**RECORDS SHOWN**.
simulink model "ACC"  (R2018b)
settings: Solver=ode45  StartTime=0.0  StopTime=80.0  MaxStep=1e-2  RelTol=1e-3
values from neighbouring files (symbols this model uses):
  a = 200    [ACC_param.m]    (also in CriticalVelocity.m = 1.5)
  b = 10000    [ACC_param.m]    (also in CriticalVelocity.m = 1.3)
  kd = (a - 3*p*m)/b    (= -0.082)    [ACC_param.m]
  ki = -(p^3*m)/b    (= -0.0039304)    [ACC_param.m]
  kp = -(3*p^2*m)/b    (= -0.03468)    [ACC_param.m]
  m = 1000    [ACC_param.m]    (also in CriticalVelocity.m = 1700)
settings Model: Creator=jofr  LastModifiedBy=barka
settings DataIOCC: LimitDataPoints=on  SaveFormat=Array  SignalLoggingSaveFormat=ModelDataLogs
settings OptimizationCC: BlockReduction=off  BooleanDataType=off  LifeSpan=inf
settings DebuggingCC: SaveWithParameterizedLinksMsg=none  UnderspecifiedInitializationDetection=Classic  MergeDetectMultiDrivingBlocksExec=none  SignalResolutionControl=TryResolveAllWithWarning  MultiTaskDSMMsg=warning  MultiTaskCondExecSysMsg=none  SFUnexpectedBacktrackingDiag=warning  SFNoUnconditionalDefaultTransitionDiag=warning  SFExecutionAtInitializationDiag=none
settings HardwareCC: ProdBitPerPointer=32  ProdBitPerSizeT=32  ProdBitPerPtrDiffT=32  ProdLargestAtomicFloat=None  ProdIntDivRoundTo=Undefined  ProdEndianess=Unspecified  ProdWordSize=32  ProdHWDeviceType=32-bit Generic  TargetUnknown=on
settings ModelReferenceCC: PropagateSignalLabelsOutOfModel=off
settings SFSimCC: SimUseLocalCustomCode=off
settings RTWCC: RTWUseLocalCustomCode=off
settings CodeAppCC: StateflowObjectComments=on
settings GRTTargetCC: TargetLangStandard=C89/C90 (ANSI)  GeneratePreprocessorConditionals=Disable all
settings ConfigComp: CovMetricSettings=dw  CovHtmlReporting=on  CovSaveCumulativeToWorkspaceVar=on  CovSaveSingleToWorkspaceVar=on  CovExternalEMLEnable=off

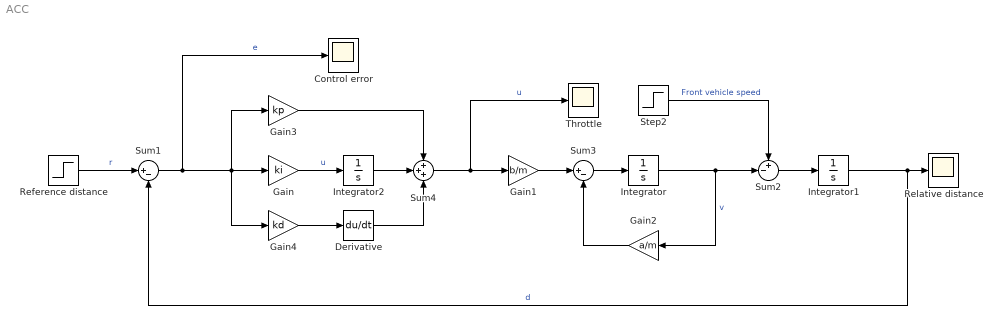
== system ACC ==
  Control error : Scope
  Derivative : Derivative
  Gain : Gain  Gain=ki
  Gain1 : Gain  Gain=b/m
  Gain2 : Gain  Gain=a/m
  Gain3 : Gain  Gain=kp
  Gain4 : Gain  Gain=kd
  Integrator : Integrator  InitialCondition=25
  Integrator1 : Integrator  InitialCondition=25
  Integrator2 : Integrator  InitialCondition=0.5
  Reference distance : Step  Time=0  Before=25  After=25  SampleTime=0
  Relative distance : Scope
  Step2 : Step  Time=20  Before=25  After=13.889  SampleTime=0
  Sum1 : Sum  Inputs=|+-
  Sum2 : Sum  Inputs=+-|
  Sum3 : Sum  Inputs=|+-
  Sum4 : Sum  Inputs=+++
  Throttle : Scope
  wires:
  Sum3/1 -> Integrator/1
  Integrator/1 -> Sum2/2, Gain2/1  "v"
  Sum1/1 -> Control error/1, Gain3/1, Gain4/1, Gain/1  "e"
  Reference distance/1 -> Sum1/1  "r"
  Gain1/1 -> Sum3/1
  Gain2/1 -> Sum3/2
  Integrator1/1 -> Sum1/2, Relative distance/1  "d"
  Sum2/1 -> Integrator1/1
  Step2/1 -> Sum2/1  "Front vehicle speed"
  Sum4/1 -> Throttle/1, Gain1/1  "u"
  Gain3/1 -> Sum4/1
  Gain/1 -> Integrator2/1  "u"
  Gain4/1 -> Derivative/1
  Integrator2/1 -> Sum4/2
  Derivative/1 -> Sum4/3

**TASK TO COMPLETE**.
Copy out all lines from the records where the word "After" appears.

**REPLY**.
  Reference distance : Step  Time=0  Before=25  After=25  SampleTime=0
  Step2 : Step  Time=20  Before=25  After=13.889  SampleTime=0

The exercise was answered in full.